I've found my way to Phoenix, AZ and I'm now training with GM Georg Bell of The Martial Way (http://themartialway.com).

The main school is in Flagstaff but he's also opening a location n Scottsdale.

Anyone in the area?


----------



## oftheherd1 (Jul 10, 2011)

Are you there primarily for the Hapkido training?  What is your style of Hapkido?

Hope you enjoy the training there and can let us know how the training is there.


----------



## FearlessFreep (Jul 11, 2011)

oftheherd1 said:


> Are you there primarily for the Hapkido training?  What is your style of Hapkido?
> 
> Hope you enjoy the training there and can let us know how the training is there.



Well, my base art is Hapkido but a round that out with BJJ, Take Kwon Do, and Muy Thai.  While I respect the Art, I also try to be pragmatic and use what's useful, regardless of what art it comes from.  GM Bell seems to follow a similar approach as my prior instructor,  Master Costley. Both have lineage back to GM In Sun Seo of Work Kido Federation as a main Hapkido lineage (Master Costley through GM McMurray, GM Bell through GM Ian Sires).  Both have real-worl application experience with their Martial Arts. 

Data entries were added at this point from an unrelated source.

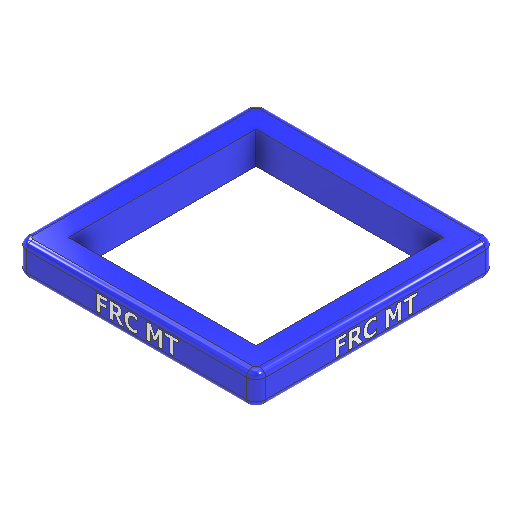
# Autodesk Inventor part: Bumper
Saved by Autodesk Inventor 2025.3 (Build 293356000, 356)
## iProperties
Created: 2026-05-15
Part Number: Bumper
Material: Genérico
Document SubType Name: Modeling
Designer: djair.oliveira
Density: 1 g/cm^3
Appearance: Padrão
Author: djair.oliveira
Autodesk Inventor part; units mm, degrees
ref_plane "YZ Plane" through (0, 0, 0) normal (1, 0, 0) x (0, 1, 0)
ref_plane "XZ Plane" through (0, 0, 0) normal (0, 1, 0) x (-1, 0, 0)
ref_plane "XY Plane" through (0, 0, 0) normal (0, 0, 1) x (1, 0, 0)
sketch "Esboço1" plane through (0, 0, 0) normal (0, 1, 0) x (-1, 0, 0)
  line L0 (-292.1, 292.1) -> (292.1, 292.1)
  line L1 (292.1, 292.1) -> (292.1, -292.1)
  line L2 (292.1, -292.1) -> (-292.1, -292.1)
  line L3 (-292.1, -292.1) -> (-292.1, 292.1)
  line L4 (-292.1, 292.1) -> (292.1, -292.1) construction
  line L5 (292.1, 292.1) -> (-292.1, -292.1) construction
  line L6 (-342.1, 372.1) -> (342.1, 372.1)
  line L7 (372.1, 342.1) -> (372.1, -342.1)
  line L8 (342.1, -372.1) -> (-342.1, -372.1)
  line L9 (-372.1, -342.1) -> (-372.1, 342.1)
  line L10 (-372.1, 372.1) -> (372.1, -372.1) construction
  line L11 (372.1, 372.1) -> (-372.1, -372.1) construction
  arc A0 (-372.1, -342.1) -> (-342.1, -372.1) centre (-342.1, -342.1) ccw
  arc A1 (-342.1, 372.1) -> (-372.1, 342.1) centre (-342.1, 342.1) ccw
  arc A2 (372.1, 342.1) -> (342.1, 372.1) centre (342.1, 342.1) ccw
  arc A3 (342.1, -372.1) -> (372.1, -342.1) centre (342.1, -342.1) ccw
  point P0 (0, 0)
  dimension "d0" = 584.2
  dimension "d1" = 584.2
  dimension "d2" = 80
  dimension "d3" = 30
  constraints: 24 end point, 9 point on line, 8 point on circle, 8 tangent, 4 centre point, 4 midpoint, 4 parallel, 3 equal radius, 2 horizontal, 2 perpendicular
  measures "d0" distance of L0.end L1.end
  measures "d1" distance of L1.end L2.end
  measures "d2" distance between parallel lines of L9 L3
  measures "d3" radius of A0
extrude "Extrusão1" add sketch "Esboço1" along normal blind 100
fillet "Arredondamento1" radius 20 16 edges at (363.3132, 100, -363.3132) (0, 100, -372.1) (-363.3132, 100, -363.3132) (-372.1, 100, 0) (-363.3132, 100, 363.3132) (0, 100, 372.1) (363.3132, 100, 363.3132) (372.1, 100, 0) (363.3132, 0, -363.3132) (0, 0, -372.1) (-363.3132, 0, -363.3132) (-372.1, 0, 0) (-363.3132, 0, 363.3132) (0, 0, 372.1) (363.3132, 0, 363.3132) (372.1, 0, 0)
sketch "Esboço2" plane through (372.1, 20, -342.1) normal (1, 0, 0) x (0, 0, -1)
  line L0 (-513.8978, 55) -> (-170.3022, 55) construction
  line L1 (-170.3022, 55) -> (-170.3022, 5) construction
  line L2 (-170.3022, 5) -> (-513.8978, 5) construction
  line L3 (-513.8978, 5) -> (-513.8978, 55) construction
  line L4 (30, 0) -> (30, 60) projected
  line L5 (-433.1859, 44.5057) -> (-454.1746, 44.5057)
  line L6 (-454.1746, 44.5057) -> (-454.1746, 35.0648)
  line L7 (-454.1746, 35.0648) -> (-434.8472, 35.0648)
  line L8 (-434.8472, 35.0648) -> (-434.8472, 25.5429)
  line L9 (-434.8472, 25.5429) -> (-454.1746, 25.5429)
  line L10 (-454.1746, 25.5429) -> (-454.1746, 4.0276)
  line L11 (-454.1746, 4.0276) -> (-466.6543, 4.0276)
  line L12 (-466.6543, 4.0276) -> (-466.6543, 54.0276)
  line L13 (-466.6543, 54.0276) -> (-433.1859, 54.0276)
  line L14 (-433.1859, 54.0276) -> (-433.1859, 44.5057)
  line L15 (-380.5117, 4.0276) -> (-395.7872, 4.0276)
  line L16 (-395.7872, 4.0276) -> (-409.6851, 22.3825)
  line L17 (-409.6851, 22.3825) -> (-414.2232, 22.3825)
  line L18 (-414.2232, 22.3825) -> (-414.2232, 4.0276)
  line L19 (-414.2232, 4.0276) -> (-426.7029, 4.0276)
  line L20 (-426.7029, 4.0276) -> (-426.7029, 54.0276)
  line L21 (-426.7029, 54.0276) -> (-406.6057, 54.0276)
  spline S0 degree 2 poles (-406.6057, 54.0276) (-402.4322, 54.0276) (-396.2734, 52.9741) (-393.6397, 51.3533) knots 0 0 0 1 2 2 2
  spline S1 degree 2 poles (-393.6397, 51.3533) (-390.9655, 49.6515) (-387.805, 44.3436) (-387.805, 40.2917) knots 0 0 0 1 2 2 2
  spline S2 degree 2 poles (-387.805, 40.2917) (-387.805, 34.5786) (-392.9914, 27.4068) (-397.3269, 25.2998) knots 0 0 0 1 2 2 2
  line L22 (-397.3269, 25.2998) -> (-380.5117, 4.0276)
  spline S3 degree 2 poles (-400.6899, 38.7115) (-400.6899, 40.6159) (-402.1486, 43.3306) (-403.8099, 44.06) knots 0 0 0 1 2 2 2
  spline S4 degree 2 poles (-403.8099, 44.06) (-404.9849, 44.5462) (-407.8617, 44.8298) (-410.0092, 44.8298) knots 0 0 0 1 2 2 2
  line L23 (-410.0092, 44.8298) -> (-414.2232, 44.8298)
  line L24 (-414.2232, 44.8298) -> (-414.2232, 31.3776)
  line L25 (-414.2232, 31.3776) -> (-410.617, 31.3776)
  spline S5 degree 2 poles (-410.617, 31.3776) (-408.0238, 31.3776) (-404.3366, 32.0259) (-403.0805, 33.0389) knots 0 0 0 1 2 2 2
  spline S6 degree 2 poles (-403.0805, 33.0389) (-401.865, 34.0113) (-400.6899, 36.6045) (-400.6899, 38.7115) knots 0 0 0 1 2 2 2
  spline S7 degree 2 poles (-355.228, 3.0551) (-366.4922, 3.0551) (-379.7013, 16.6694) (-379.7013, 28.987) knots 0 0 0 1 2 2 2
  spline S8 degree 2 poles (-379.7013, 28.987) (-379.7013, 40.859) (-366.4517, 55) (-355.1875, 55) knots 0 0 0 1 2 2 2
  spline S9 degree 2 poles (-355.1875, 55) (-352.2297, 55) (-347.4485, 54.3112) (-345.2604, 53.7439) knots 0 0 0 1 2 2 2
  spline S10 degree 2 poles (-345.2604, 53.7439) (-343.5587, 53.2172) (-339.5473, 51.4749) (-338.2912, 50.8266) knots 0 0 0 1 2 2 2
  line L26 (-338.2912, 50.8266) -> (-338.2912, 38.9141)
  line L27 (-338.2912, 38.9141) -> (-339.5473, 38.9141)
  spline S11 degree 2 poles (-339.5473, 38.9141) (-340.4793, 39.7245) (-343.2345, 41.9935) (-344.9768, 43.047) knots 0 0 0 1 2 2 2
  spline S12 degree 2 poles (-344.9768, 43.047) (-346.7191, 44.141) (-350.8925, 45.6402) (-353.2021, 45.6402) knots 0 0 0 1 2 2 2
  spline S13 degree 2 poles (-353.2021, 45.6402) (-355.9169, 45.6402) (-360.4144, 43.9384) (-362.4809, 41.7909) knots 0 0 0 1 2 2 2
  spline S14 degree 2 poles (-362.4809, 41.7909) (-364.3447, 39.8865) (-366.7353, 33.363) (-366.7353, 28.9465) knots 0 0 0 1 2 2 2
  spline S15 degree 2 poles (-366.7353, 28.9465) (-366.7353, 24.2869) (-364.2637, 17.9254) (-362.2378, 15.9806) knots 0 0 0 1 2 2 2
  spline S16 degree 2 poles (-362.2378, 15.9806) (-360.2929, 14.0762) (-355.5117, 12.4149) (-353.1211, 12.4149) knots 0 0 0 1 2 2 2
  spline S17 degree 2 poles (-353.1211, 12.4149) (-350.6494, 12.4149) (-346.1519, 14.0762) (-344.6122, 15.0891) knots 0 0 0 1 2 2 2
  spline S18 degree 2 poles (-344.6122, 15.0891) (-342.9104, 16.1021) (-340.3577, 18.2496) (-339.4258, 19.1005) knots 0 0 0 1 2 2 2
  line L28 (-339.4258, 19.1005) -> (-338.2912, 19.1005)
  line L29 (-338.2912, 19.1005) -> (-338.2912, 7.3501)
  spline S19 degree 2 poles (-338.2912, 7.3501) (-339.6689, 6.7018) (-343.275, 5.081) (-345.2199, 4.5138) knots 0 0 0 1 2 2 2
  spline S20 degree 2 poles (-345.2199, 4.5138) (-347.57, 3.7844) (-351.6624, 3.0551) (-355.228, 3.0551) knots 0 0 0 1 2 2 2
  line L30 (-259.6851, 4.0276) -> (-272.1648, 4.0276)
  line L31 (-272.1648, 4.0276) -> (-272.1648, 37.1718)
  line L32 (-272.1648, 37.1718) -> (-281.241, 15.778)
  line L33 (-281.241, 15.778) -> (-289.831, 15.778)
  line L34 (-289.831, 15.778) -> (-298.9071, 37.1718)
  line L35 (-298.9071, 37.1718) -> (-298.9071, 4.0276)
  line L36 (-298.9071, 4.0276) -> (-310.7386, 4.0276)
  line L37 (-310.7386, 4.0276) -> (-310.7386, 54.0276)
  line L38 (-310.7386, 54.0276) -> (-296.2734, 54.0276)
  line L39 (-296.2734, 54.0276) -> (-285.1713, 29.3517)
  line L40 (-285.1713, 29.3517) -> (-274.1502, 54.0276)
  line L41 (-274.1502, 54.0276) -> (-259.6851, 54.0276)
  line L42 (-259.6851, 54.0276) -> (-259.6851, 4.0276)
  line L43 (-239.7094, 4.0276) -> (-239.7094, 44.5057)
  line L44 (-239.7094, 44.5057) -> (-254.4987, 44.5057)
  line L45 (-254.4987, 44.5057) -> (-254.4987, 54.0276)
  line L46 (-254.4987, 54.0276) -> (-212.3593, 54.0276)
  line L47 (-212.3593, 54.0276) -> (-212.3593, 44.5057)
  line L48 (-212.3593, 44.5057) -> (-227.1486, 44.5057)
  line L49 (-227.1486, 44.5057) -> (-227.1486, 4.0276)
  line L50 (-227.1486, 4.0276) -> (-239.7094, 4.0276)
  point P0 (-342.1, -20)
  point P1 (-342.1, 55)
  point P2 (-170.3022, 30)
  point P3 (30, 30)
  dimension "d12" = 50
  constraints: 3 midpoint, 1 horizontal, 1 horizontal alignment, 1 vertical alignment, 2 other
  measures "d12" distance of L0.end L1.end
extrude "Extrusão2" cut sketch "Esboço2" against normal blind 0.1
sketch "Esboço3" plane through (342.1, 20, -372.1) normal (0, 0, -1) x (-1, 0, 0)
  line L0 (136.9103, 55) -> (547.2897, 55) construction
  line L1 (547.2897, 55) -> (547.2897, 5) construction
  line L2 (547.2897, 5) -> (136.9103, 5) construction
  line L3 (136.9103, 5) -> (136.9103, 55) construction
  line L4 (714.2, 0) -> (714.2, 60) projected
  line L5 (251.0141, 44.5057) -> (230.0254, 44.5057)
  line L6 (230.0254, 44.5057) -> (230.0254, 35.0648)
  line L7 (230.0254, 35.0648) -> (249.3528, 35.0648)
  line L8 (249.3528, 35.0648) -> (249.3528, 25.5429)
  line L9 (249.3528, 25.5429) -> (230.0254, 25.5429)
  line L10 (230.0254, 25.5429) -> (230.0254, 4.0276)
  line L11 (230.0254, 4.0276) -> (217.5457, 4.0276)
  line L12 (217.5457, 4.0276) -> (217.5457, 54.0276)
  line L13 (217.5457, 54.0276) -> (251.0141, 54.0276)
  line L14 (251.0141, 54.0276) -> (251.0141, 44.5057)
  line L15 (303.6883, 4.0276) -> (288.4128, 4.0276)
  line L16 (288.4128, 4.0276) -> (274.5149, 22.3825)
  line L17 (274.5149, 22.3825) -> (269.9768, 22.3825)
  line L18 (269.9768, 22.3825) -> (269.9768, 4.0276)
  line L19 (269.9768, 4.0276) -> (257.4971, 4.0276)
  line L20 (257.4971, 4.0276) -> (257.4971, 54.0276)
  line L21 (257.4971, 54.0276) -> (277.5943, 54.0276)
  spline S0 degree 2 poles (277.5943, 54.0276) (281.7678, 54.0276) (287.9266, 52.9741) (290.5603, 51.3533) knots 0 0 0 1 2 2 2
  spline S1 degree 2 poles (290.5603, 51.3533) (293.2345, 49.6515) (296.395, 44.3436) (296.395, 40.2917) knots 0 0 0 1 2 2 2
  spline S2 degree 2 poles (296.395, 40.2917) (296.395, 34.5786) (291.2086, 27.4068) (286.8731, 25.2998) knots 0 0 0 1 2 2 2
  line L22 (286.8731, 25.2998) -> (303.6883, 4.0276)
  spline S3 degree 2 poles (283.5101, 38.7115) (283.5101, 40.6159) (282.0514, 43.3306) (280.3901, 44.06) knots 0 0 0 1 2 2 2
  spline S4 degree 2 poles (280.3901, 44.06) (279.2151, 44.5462) (276.3383, 44.8298) (274.1908, 44.8298) knots 0 0 0 1 2 2 2
  line L23 (274.1908, 44.8298) -> (269.9768, 44.8298)
  line L24 (269.9768, 44.8298) -> (269.9768, 31.3776)
  line L25 (269.9768, 31.3776) -> (273.583, 31.3776)
  spline S5 degree 2 poles (273.583, 31.3776) (276.1762, 31.3776) (279.8634, 32.0259) (281.1195, 33.0389) knots 0 0 0 1 2 2 2
  spline S6 degree 2 poles (281.1195, 33.0389) (282.335, 34.0113) (283.5101, 36.6045) (283.5101, 38.7115) knots 0 0 0 1 2 2 2
  spline S7 degree 2 poles (328.972, 3.0551) (317.7078, 3.0551) (304.4987, 16.6694) (304.4987, 28.987) knots 0 0 0 1 2 2 2
  spline S8 degree 2 poles (304.4987, 28.987) (304.4987, 40.859) (317.7483, 55) (329.0125, 55) knots 0 0 0 1 2 2 2
  spline S9 degree 2 poles (329.0125, 55) (331.9703, 55) (336.7515, 54.3112) (338.9396, 53.7439) knots 0 0 0 1 2 2 2
  spline S10 degree 2 poles (338.9396, 53.7439) (340.6413, 53.2172) (344.6527, 51.4749) (345.9088, 50.8266) knots 0 0 0 1 2 2 2
  line L26 (345.9088, 50.8266) -> (345.9088, 38.9141)
  line L27 (345.9088, 38.9141) -> (344.6527, 38.9141)
  spline S11 degree 2 poles (344.6527, 38.9141) (343.7207, 39.7245) (340.9655, 41.9935) (339.2232, 43.047) knots 0 0 0 1 2 2 2
  spline S12 degree 2 poles (339.2232, 43.047) (337.4809, 44.141) (333.3075, 45.6402) (330.9979, 45.6402) knots 0 0 0 1 2 2 2
  spline S13 degree 2 poles (330.9979, 45.6402) (328.2831, 45.6402) (323.7856, 43.9384) (321.7191, 41.7909) knots 0 0 0 1 2 2 2
  spline S14 degree 2 poles (321.7191, 41.7909) (319.8553, 39.8865) (317.4647, 33.363) (317.4647, 28.9465) knots 0 0 0 1 2 2 2
  spline S15 degree 2 poles (317.4647, 28.9465) (317.4647, 24.2869) (319.9363, 17.9254) (321.9622, 15.9806) knots 0 0 0 1 2 2 2
  spline S16 degree 2 poles (321.9622, 15.9806) (323.9071, 14.0762) (328.6883, 12.4149) (331.0789, 12.4149) knots 0 0 0 1 2 2 2
  spline S17 degree 2 poles (331.0789, 12.4149) (333.5506, 12.4149) (338.0481, 14.0762) (339.5878, 15.0891) knots 0 0 0 1 2 2 2
  spline S18 degree 2 poles (339.5878, 15.0891) (341.2896, 16.1021) (343.8423, 18.2496) (344.7742, 19.1005) knots 0 0 0 1 2 2 2
  line L28 (344.7742, 19.1005) -> (345.9088, 19.1005)
  line L29 (345.9088, 19.1005) -> (345.9088, 7.3501)
  spline S19 degree 2 poles (345.9088, 7.3501) (344.5311, 6.7018) (340.925, 5.081) (338.9801, 4.5138) knots 0 0 0 1 2 2 2
  spline S20 degree 2 poles (338.9801, 4.5138) (336.63, 3.7844) (332.5376, 3.0551) (328.972, 3.0551) knots 0 0 0 1 2 2 2
  line L30 (424.5149, 4.0276) -> (412.0352, 4.0276)
  line L31 (412.0352, 4.0276) -> (412.0352, 37.1718)
  line L32 (412.0352, 37.1718) -> (402.959, 15.778)
  line L33 (402.959, 15.778) -> (394.369, 15.778)
  line L34 (394.369, 15.778) -> (385.2929, 37.1718)
  line L35 (385.2929, 37.1718) -> (385.2929, 4.0276)
  line L36 (385.2929, 4.0276) -> (373.4614, 4.0276)
  line L37 (373.4614, 4.0276) -> (373.4614, 54.0276)
  line L38 (373.4614, 54.0276) -> (387.9266, 54.0276)
  line L39 (387.9266, 54.0276) -> (399.0287, 29.3517)
  line L40 (399.0287, 29.3517) -> (410.0498, 54.0276)
  line L41 (410.0498, 54.0276) -> (424.5149, 54.0276)
  line L42 (424.5149, 54.0276) -> (424.5149, 4.0276)
  line L43 (444.4906, 4.0276) -> (444.4906, 44.5057)
  line L44 (444.4906, 44.5057) -> (429.7013, 44.5057)
  line L45 (429.7013, 44.5057) -> (429.7013, 54.0276)
  line L46 (429.7013, 54.0276) -> (471.8407, 54.0276)
  line L47 (471.8407, 54.0276) -> (471.8407, 44.5057)
  line L48 (471.8407, 44.5057) -> (457.0514, 44.5057)
  line L49 (457.0514, 44.5057) -> (457.0514, 4.0276)
  line L50 (457.0514, 4.0276) -> (444.4906, 4.0276)
  point P0 (342.1, -20)
  point P1 (342.1, 55)
  point P2 (547.2897, 30)
  point P3 (714.2, 30)
  dimension "d9" = 50
  constraints: 3 midpoint, 1 horizontal alignment, 1 vertical alignment, 2 other
  measures "d9" distance of L0.end L1.end
extrude "Extrusão3" cut sketch "Esboço3" against normal blind 0.1
sketch "Esboço4" plane through (-342.1, 20, 372.1) normal (0, 0, 1) x (1, 0, 0)
  line L0 (96.734, 55.9724) -> (587.466, 55.9724) construction
  line L1 (587.466, 55.9724) -> (587.466, 4.0276) construction
  line L2 (587.466, 4.0276) -> (96.734, 4.0276) construction
  line L3 (96.734, 4.0276) -> (96.734, 55.9724) construction
  line L4 (714.2, 0) -> (714.2, 60) projected
  line L5 (251.0141, 45.4781) -> (230.0254, 45.4781)
  line L6 (230.0254, 45.4781) -> (230.0254, 36.0373)
  line L7 (230.0254, 36.0373) -> (249.3528, 36.0373)
  line L8 (249.3528, 36.0373) -> (249.3528, 26.5154)
  line L9 (249.3528, 26.5154) -> (230.0254, 26.5154)
  line L10 (230.0254, 26.5154) -> (230.0254, 5)
  line L11 (230.0254, 5) -> (217.5457, 5)
  line L12 (217.5457, 5) -> (217.5457, 55)
  line L13 (217.5457, 55) -> (251.0141, 55)
  line L14 (251.0141, 55) -> (251.0141, 45.4781)
  line L15 (303.6883, 5) -> (288.4128, 5)
  line L16 (288.4128, 5) -> (274.5149, 23.3549)
  line L17 (274.5149, 23.3549) -> (269.9768, 23.3549)
  line L18 (269.9768, 23.3549) -> (269.9768, 5)
  line L19 (269.9768, 5) -> (257.4971, 5)
  line L20 (257.4971, 5) -> (257.4971, 55)
  line L21 (257.4971, 55) -> (277.5943, 55)
  spline S0 degree 2 poles (277.5943, 55) (281.7678, 55) (287.9266, 53.9465) (290.5603, 52.3258) knots 0 0 0 1 2 2 2
  spline S1 degree 2 poles (290.5603, 52.3258) (293.2345, 50.624) (296.395, 45.316) (296.395, 41.2642) knots 0 0 0 1 2 2 2
  spline S2 degree 2 poles (296.395, 41.2642) (296.395, 35.5511) (291.2086, 28.3793) (286.8731, 26.2723) knots 0 0 0 1 2 2 2
  line L22 (286.8731, 26.2723) -> (303.6883, 5)
  spline S3 degree 2 poles (283.5101, 39.684) (283.5101, 41.5883) (282.0514, 44.3031) (280.3901, 45.0324) knots 0 0 0 1 2 2 2
  spline S4 degree 2 poles (280.3901, 45.0324) (279.2151, 45.5186) (276.3383, 45.8023) (274.1908, 45.8023) knots 0 0 0 1 2 2 2
  line L23 (274.1908, 45.8023) -> (269.9768, 45.8023)
  line L24 (269.9768, 45.8023) -> (269.9768, 32.3501)
  line L25 (269.9768, 32.3501) -> (273.583, 32.3501)
  spline S5 degree 2 poles (273.583, 32.3501) (276.1762, 32.3501) (279.8634, 32.9984) (281.1195, 34.0113) knots 0 0 0 1 2 2 2
  spline S6 degree 2 poles (281.1195, 34.0113) (282.335, 34.9838) (283.5101, 37.577) (283.5101, 39.684) knots 0 0 0 1 2 2 2
  spline S7 degree 2 poles (328.972, 4.0276) (317.7078, 4.0276) (304.4987, 17.6418) (304.4987, 29.9595) knots 0 0 0 1 2 2 2
  spline S8 degree 2 poles (304.4987, 29.9595) (304.4987, 41.8314) (317.7483, 55.9724) (329.0125, 55.9724) knots 0 0 0 1 2 2 2
  spline S9 degree 2 poles (329.0125, 55.9724) (331.9703, 55.9724) (336.7515, 55.2836) (338.9396, 54.7164) knots 0 0 0 1 2 2 2
  spline S10 degree 2 poles (338.9396, 54.7164) (340.6413, 54.1896) (344.6527, 52.4473) (345.9088, 51.799) knots 0 0 0 1 2 2 2
  line L26 (345.9088, 51.799) -> (345.9088, 39.8865)
  line L27 (345.9088, 39.8865) -> (344.6527, 39.8865)
  spline S11 degree 2 poles (344.6527, 39.8865) (343.7207, 40.6969) (340.9655, 42.966) (339.2232, 44.0194) knots 0 0 0 1 2 2 2
  spline S12 degree 2 poles (339.2232, 44.0194) (337.4809, 45.1135) (333.3075, 46.6126) (330.9979, 46.6126) knots 0 0 0 1 2 2 2
  spline S13 degree 2 poles (330.9979, 46.6126) (328.2831, 46.6126) (323.7856, 44.9109) (321.7191, 42.7634) knots 0 0 0 1 2 2 2
  spline S14 degree 2 poles (321.7191, 42.7634) (319.8553, 40.859) (317.4647, 34.3355) (317.4647, 29.919) knots 0 0 0 1 2 2 2
  spline S15 degree 2 poles (317.4647, 29.919) (317.4647, 25.2593) (319.9363, 18.8979) (321.9622, 16.953) knots 0 0 0 1 2 2 2
  spline S16 degree 2 poles (321.9622, 16.953) (323.9071, 15.0486) (328.6883, 13.3874) (331.0789, 13.3874) knots 0 0 0 1 2 2 2
  spline S17 degree 2 poles (331.0789, 13.3874) (333.5506, 13.3874) (338.0481, 15.0486) (339.5878, 16.0616) knots 0 0 0 1 2 2 2
  spline S18 degree 2 poles (339.5878, 16.0616) (341.2896, 17.0746) (343.8423, 19.222) (344.7742, 20.0729) knots 0 0 0 1 2 2 2
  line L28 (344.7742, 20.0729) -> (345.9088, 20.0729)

So philosophically, it seems a good match, or a good transition, for me


----------



## oftheherd1 (Jul 11, 2011)

Interesting.  I looked up In Sun Soe.  Good to see another GM who isn't afraid to say when and where Hapkido started.  I don't think Hapkido has to apologize to anyone for its beginnings.  It is a good and practical art.


----------



## FearlessFreep (Jul 21, 2011)

If anyone's interested, we're currently training rather informally at Lata fitness (http://www.latafitness.com/home.html) a couple nights a week.  George is a great guy and gets in a rolls with us sometimes


----------



## Daniel Sullivan (Jul 26, 2011)

Sounds like a good fit for you!  Keep us posted as to how it is going!

Daniel


----------